Finding answers to our questions has never been easier. We no longer have to go to a library, pick up an encyclopedia, or take a course to satisfy our curiosity. The internet makes available to us the answers to almost any question we could imagine.
With so much knowledge literally at our fingertips, it should be easy to change our minds when we discover one of our opinions or beliefs is incorrect. Shouldn’t it?
Unfortunately, changing our minds can be difficult, because our minds play a series of tricks on us in order to resist change.
In the field of psychology, the brain is commonly referred to as a “cognitive miser.” This means that the brain tends to conserve mental resources by urging us to think, give attention to detail, and solve problems in ways that require the least amount of effort possible. Holding an opinion requires little effort, but actually changing an opinion requires our brains to engage in difficult, sophisticated, and expensive processes—that is, expensive for our mental resources.
The result of this cognitive miserliness is a strong reluctance to change our minds. We don’t naturally gravitate towards information that challenges our perspectives, makes us uncomfortable, or requires us to grow. We do naturally gravitate towards information that confirms our perspectives and allows us to stay the same—even when that information may go against the best data we currently have available.
This is an example of what is called cognitive bias. Cognitive biases are errors in thinking that affect our ability to reason and solve problems.
Renowned psychologists Amos Tversky and Daniel Kahneman published their research on cognitive bias in the early 1970s, and the concept quickly became of extreme importance in many other fields, including philosophy, education, management, and economics.
In the years since Tversky and Kahneman’s initial work, many different types of cognitive bias have been identified. Here are some of the most common which you are almost certainly already running into with your friends, your family, and on the internet generally.

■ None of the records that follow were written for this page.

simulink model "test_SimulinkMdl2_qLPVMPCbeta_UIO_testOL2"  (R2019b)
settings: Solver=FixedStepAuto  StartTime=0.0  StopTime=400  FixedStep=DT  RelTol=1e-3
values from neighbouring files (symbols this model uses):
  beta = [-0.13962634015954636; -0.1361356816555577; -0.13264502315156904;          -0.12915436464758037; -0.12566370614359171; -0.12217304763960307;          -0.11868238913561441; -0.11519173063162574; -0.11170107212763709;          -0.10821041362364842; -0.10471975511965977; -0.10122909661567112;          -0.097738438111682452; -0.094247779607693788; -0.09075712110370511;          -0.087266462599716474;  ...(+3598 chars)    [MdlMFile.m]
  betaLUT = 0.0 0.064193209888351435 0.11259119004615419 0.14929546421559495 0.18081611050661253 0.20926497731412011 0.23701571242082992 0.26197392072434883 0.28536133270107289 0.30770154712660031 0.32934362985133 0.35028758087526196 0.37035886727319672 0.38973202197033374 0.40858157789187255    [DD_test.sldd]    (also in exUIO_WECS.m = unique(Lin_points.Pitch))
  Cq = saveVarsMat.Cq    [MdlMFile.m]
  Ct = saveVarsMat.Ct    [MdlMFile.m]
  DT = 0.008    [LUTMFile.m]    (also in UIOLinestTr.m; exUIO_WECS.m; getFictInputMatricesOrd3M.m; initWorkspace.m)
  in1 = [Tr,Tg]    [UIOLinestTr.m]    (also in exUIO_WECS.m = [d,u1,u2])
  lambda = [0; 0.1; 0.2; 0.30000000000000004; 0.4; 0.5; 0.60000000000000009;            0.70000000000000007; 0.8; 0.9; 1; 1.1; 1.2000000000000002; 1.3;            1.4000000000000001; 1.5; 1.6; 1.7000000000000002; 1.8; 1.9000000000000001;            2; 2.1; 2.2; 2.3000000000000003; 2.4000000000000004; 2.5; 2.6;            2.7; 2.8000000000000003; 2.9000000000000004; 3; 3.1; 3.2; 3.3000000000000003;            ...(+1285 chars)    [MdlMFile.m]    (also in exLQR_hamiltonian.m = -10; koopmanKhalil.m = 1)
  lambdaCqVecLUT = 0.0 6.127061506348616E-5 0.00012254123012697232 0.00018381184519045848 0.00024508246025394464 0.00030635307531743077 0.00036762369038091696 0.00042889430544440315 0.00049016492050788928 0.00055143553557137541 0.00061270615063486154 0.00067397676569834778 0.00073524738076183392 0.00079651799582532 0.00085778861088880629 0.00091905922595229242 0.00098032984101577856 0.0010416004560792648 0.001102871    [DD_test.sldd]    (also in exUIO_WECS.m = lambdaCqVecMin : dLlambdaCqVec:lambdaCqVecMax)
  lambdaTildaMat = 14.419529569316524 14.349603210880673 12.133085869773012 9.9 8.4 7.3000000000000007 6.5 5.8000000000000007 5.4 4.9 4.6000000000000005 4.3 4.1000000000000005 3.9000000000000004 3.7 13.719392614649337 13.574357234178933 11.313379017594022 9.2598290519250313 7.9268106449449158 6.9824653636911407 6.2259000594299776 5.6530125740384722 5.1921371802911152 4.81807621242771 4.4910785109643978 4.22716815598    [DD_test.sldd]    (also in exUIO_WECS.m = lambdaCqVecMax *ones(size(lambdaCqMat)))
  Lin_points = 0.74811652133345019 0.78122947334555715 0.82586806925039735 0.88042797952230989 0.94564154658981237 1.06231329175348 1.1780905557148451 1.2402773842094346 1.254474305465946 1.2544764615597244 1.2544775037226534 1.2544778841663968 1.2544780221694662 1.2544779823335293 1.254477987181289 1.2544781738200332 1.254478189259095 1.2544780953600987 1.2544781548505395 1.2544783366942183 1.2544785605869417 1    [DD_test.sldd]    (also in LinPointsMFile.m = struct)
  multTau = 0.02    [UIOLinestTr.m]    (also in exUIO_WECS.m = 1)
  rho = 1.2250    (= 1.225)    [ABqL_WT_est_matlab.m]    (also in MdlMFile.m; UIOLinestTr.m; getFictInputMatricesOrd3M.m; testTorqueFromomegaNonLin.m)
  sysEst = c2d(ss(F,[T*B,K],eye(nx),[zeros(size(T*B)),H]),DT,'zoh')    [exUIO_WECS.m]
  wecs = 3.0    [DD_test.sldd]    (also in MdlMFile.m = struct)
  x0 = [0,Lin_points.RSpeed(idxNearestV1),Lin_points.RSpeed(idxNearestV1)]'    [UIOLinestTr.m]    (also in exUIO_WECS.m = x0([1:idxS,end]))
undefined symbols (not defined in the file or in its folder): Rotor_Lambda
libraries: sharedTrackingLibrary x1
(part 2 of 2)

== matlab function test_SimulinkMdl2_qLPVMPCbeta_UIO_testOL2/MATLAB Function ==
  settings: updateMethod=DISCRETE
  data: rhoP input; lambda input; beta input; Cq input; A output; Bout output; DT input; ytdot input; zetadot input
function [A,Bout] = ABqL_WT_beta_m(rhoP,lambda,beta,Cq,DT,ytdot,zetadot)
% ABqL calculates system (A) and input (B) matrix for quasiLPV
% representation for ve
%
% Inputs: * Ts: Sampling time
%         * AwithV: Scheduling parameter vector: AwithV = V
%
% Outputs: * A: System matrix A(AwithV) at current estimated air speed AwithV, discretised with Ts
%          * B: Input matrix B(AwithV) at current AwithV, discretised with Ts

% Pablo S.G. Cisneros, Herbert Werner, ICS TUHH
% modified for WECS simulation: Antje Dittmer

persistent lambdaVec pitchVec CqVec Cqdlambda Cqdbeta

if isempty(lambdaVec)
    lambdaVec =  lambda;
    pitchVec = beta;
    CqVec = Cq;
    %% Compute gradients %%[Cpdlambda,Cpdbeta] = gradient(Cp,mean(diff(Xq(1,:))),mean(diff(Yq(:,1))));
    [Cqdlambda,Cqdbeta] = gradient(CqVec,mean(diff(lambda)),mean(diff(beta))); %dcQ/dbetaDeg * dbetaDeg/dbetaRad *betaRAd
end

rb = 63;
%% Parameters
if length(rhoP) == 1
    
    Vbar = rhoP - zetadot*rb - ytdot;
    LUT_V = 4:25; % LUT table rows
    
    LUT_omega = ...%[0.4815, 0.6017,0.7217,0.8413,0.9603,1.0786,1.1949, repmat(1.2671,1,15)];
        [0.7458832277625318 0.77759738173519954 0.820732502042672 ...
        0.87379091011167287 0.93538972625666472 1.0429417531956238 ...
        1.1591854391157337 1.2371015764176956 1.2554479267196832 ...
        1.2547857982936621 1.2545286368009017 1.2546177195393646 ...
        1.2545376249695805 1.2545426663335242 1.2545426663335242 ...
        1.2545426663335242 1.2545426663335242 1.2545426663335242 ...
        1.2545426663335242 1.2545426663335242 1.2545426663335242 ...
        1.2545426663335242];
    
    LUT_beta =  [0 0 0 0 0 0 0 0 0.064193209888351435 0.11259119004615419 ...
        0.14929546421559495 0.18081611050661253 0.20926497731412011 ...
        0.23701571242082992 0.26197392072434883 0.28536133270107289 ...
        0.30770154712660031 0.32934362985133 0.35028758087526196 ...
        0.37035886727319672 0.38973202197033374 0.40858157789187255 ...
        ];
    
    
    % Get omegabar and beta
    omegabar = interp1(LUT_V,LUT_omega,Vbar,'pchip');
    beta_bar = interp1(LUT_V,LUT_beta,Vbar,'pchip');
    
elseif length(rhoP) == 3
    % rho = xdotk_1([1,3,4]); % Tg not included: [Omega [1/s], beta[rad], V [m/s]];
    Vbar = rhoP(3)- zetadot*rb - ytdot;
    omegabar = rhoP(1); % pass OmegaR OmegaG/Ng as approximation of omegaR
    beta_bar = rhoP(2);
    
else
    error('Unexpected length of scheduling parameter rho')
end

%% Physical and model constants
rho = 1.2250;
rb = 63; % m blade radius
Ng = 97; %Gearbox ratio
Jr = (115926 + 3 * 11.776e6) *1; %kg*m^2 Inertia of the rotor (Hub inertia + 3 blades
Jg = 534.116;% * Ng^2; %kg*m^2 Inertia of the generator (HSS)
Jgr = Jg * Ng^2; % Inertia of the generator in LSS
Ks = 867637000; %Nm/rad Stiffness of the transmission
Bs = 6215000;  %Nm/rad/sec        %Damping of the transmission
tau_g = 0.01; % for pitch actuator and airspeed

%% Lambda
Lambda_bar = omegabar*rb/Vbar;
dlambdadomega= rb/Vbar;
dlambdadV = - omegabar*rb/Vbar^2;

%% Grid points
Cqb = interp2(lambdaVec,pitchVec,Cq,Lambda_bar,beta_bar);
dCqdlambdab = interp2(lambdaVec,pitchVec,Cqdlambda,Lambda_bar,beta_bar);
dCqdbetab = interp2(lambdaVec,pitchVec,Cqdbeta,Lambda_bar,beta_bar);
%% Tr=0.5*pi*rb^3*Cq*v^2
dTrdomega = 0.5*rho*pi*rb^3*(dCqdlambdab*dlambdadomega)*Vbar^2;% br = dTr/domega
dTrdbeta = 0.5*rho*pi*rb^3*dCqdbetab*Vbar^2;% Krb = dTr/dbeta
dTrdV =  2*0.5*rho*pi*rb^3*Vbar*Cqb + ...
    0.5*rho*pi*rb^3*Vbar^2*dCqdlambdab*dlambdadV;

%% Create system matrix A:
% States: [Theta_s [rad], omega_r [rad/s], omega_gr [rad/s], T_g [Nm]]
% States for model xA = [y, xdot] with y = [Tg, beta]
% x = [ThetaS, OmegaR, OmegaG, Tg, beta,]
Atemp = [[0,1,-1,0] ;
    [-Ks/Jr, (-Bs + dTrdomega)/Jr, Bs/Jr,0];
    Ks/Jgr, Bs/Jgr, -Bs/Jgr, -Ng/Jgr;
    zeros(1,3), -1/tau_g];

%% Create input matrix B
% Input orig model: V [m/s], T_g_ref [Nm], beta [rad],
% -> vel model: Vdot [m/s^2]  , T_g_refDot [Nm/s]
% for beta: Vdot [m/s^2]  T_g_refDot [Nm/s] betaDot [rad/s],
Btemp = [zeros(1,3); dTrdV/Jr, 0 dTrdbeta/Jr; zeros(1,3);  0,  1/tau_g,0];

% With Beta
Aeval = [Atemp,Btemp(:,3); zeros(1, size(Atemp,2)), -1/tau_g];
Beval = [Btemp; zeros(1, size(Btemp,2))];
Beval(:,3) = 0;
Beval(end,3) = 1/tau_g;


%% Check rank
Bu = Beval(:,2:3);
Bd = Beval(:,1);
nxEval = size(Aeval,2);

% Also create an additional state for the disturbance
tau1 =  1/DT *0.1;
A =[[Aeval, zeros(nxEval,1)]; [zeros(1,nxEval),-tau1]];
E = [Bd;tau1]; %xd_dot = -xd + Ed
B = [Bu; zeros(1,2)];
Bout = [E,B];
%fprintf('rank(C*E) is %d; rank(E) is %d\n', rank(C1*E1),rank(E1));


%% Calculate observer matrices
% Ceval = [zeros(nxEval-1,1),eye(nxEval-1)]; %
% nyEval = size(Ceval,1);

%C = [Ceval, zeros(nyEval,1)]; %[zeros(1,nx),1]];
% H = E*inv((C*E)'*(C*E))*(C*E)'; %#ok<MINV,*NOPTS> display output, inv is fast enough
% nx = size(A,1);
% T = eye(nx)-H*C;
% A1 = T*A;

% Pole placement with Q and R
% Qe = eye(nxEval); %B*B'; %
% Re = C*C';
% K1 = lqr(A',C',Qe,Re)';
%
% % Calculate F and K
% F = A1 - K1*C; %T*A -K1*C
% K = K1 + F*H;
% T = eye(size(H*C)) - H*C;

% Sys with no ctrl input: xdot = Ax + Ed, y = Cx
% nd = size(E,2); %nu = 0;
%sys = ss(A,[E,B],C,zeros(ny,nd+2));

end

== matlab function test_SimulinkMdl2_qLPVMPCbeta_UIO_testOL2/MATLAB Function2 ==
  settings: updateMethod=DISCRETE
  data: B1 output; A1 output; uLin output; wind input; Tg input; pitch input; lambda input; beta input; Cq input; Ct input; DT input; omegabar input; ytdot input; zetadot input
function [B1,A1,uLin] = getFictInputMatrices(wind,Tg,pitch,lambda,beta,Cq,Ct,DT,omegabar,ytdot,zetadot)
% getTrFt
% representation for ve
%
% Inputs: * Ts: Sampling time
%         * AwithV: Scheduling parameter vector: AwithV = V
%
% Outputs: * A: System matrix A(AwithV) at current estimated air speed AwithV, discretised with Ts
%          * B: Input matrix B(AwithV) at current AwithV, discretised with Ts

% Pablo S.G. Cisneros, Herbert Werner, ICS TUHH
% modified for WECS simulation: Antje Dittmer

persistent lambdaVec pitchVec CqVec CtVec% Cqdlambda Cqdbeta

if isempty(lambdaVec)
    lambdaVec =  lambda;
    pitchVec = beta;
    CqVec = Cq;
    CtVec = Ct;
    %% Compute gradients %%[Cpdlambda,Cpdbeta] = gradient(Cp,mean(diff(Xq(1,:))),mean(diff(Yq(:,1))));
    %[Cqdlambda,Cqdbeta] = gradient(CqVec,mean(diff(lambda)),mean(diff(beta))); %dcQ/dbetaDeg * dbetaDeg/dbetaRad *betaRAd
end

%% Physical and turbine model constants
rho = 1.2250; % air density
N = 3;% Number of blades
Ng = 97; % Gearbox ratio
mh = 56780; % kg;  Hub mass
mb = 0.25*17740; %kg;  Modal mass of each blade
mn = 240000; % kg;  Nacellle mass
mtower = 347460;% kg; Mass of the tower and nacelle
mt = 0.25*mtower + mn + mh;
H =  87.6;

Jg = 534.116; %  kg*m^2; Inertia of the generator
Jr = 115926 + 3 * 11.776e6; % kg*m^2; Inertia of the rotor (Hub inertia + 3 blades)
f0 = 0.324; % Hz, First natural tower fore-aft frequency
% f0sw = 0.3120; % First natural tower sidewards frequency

1. Actor-observer bias. This refers to our tendency to give more importance to external causes for our own bad behaviour while at the same time giving more importance to internal causes for others’ bad behaviour. For example, “I was rude because I had a difficult day at work, but that person was rude because they are a naturally rude person.”
2. Anchoring bias. This refers to our tendency to give the first piece of information we hear on a subject the most weight. For example, once we’ve heard an interesting theory on a subject, it may be more difficult for us to accept alternative theories, even if those alternatives are better supported by the evidence.
3. Confirmation bias. This refers to our tendency to favour information that supports what we already believe and discount information that disproves us. This is the most easily recognizable form of cognitive bias and causes people to only register the evidence they want to accept.
4. The Dunning-Kruger effect. This is our tendency to believe that we are smarter, more capable, and less likely to make mistakes in judgement than others. For example, we may be less likely to accept the findings of experts in a field, relying instead on our own research and reasoning even though we lack skill and training in that field. In other words, we’re reluctant to acknowledge our own incompetence.
5. The misinformation effect. This refers to our tendency to alter our own memories based on new information, often in situations where our memories of an important life event change after we watch the news. Many people experienced this after 9/11, remembering that they had seen the second plane hit live on television when in reality they actually only saw it later on the news.
6. Self-serving bias. This refers to our tendency to give ourselves credit when we succeed, but to blame external causes when we fail. For example, “I won the first hand of poker because I’m amazing, but I lost the rest of the game because I had bad cards.”
Falling prey to cognitive biases doesn’t just happen to so-called “unintelligent” people. Scientists are vulnerable to these biases as well, which is why they generally rely on the scientific method—a rigorous, unforgiving rock against which many pet theories and hypotheses have been broken over the last few centuries.
A good scientist will abandon a theory, even reluctantly, if it cannot pass the standards of evidence we have put in place to help root out and eliminate the biases we all have. We can all be good scientists by doing the same.
Why is it so important to learn about cognitive biases? Because in this current era, we have greater access to more information than ever before. The internet puts the sum total of all available human knowledge literally into our pockets.
Yet not all of this information is correct. Among it is misinformation, false advertising, and outright lies. Every day, bad science convinces people that the world is flat. Conspiracy theories abound. Consider the latest batch of conspiracy theories around the COVID-19 pandemic.
In the middle of all this, our biases lead us to reach for information that supports what we want to believe and discard the rest, leaving us vulnerable to being taken advantage of. Or, in the case of the anti-vaccination movement, we’re left vulnerable to very real public health risks.
Again, each and every one of us is vulnerable to cognitive biases. It’s in our nature. But that doesn’t mean we should give up trying to figure out the truth, nor does it mean we should stop trying to communicate what we have learned to others.
What it does mean is that we need to do the work to uncover our biases, set them aside, wrestle with uncomfortable facts, and (when necessary) change our opinions based on the best data available.
Most importantly, it means we ought to deal more kindly with those we find ourselves in disagreement with. We’re all working to make sense of our world with the same cognitive tools, and we’re all vulnerable to the same mental pitfalls.
That, at least, is something we all have in common.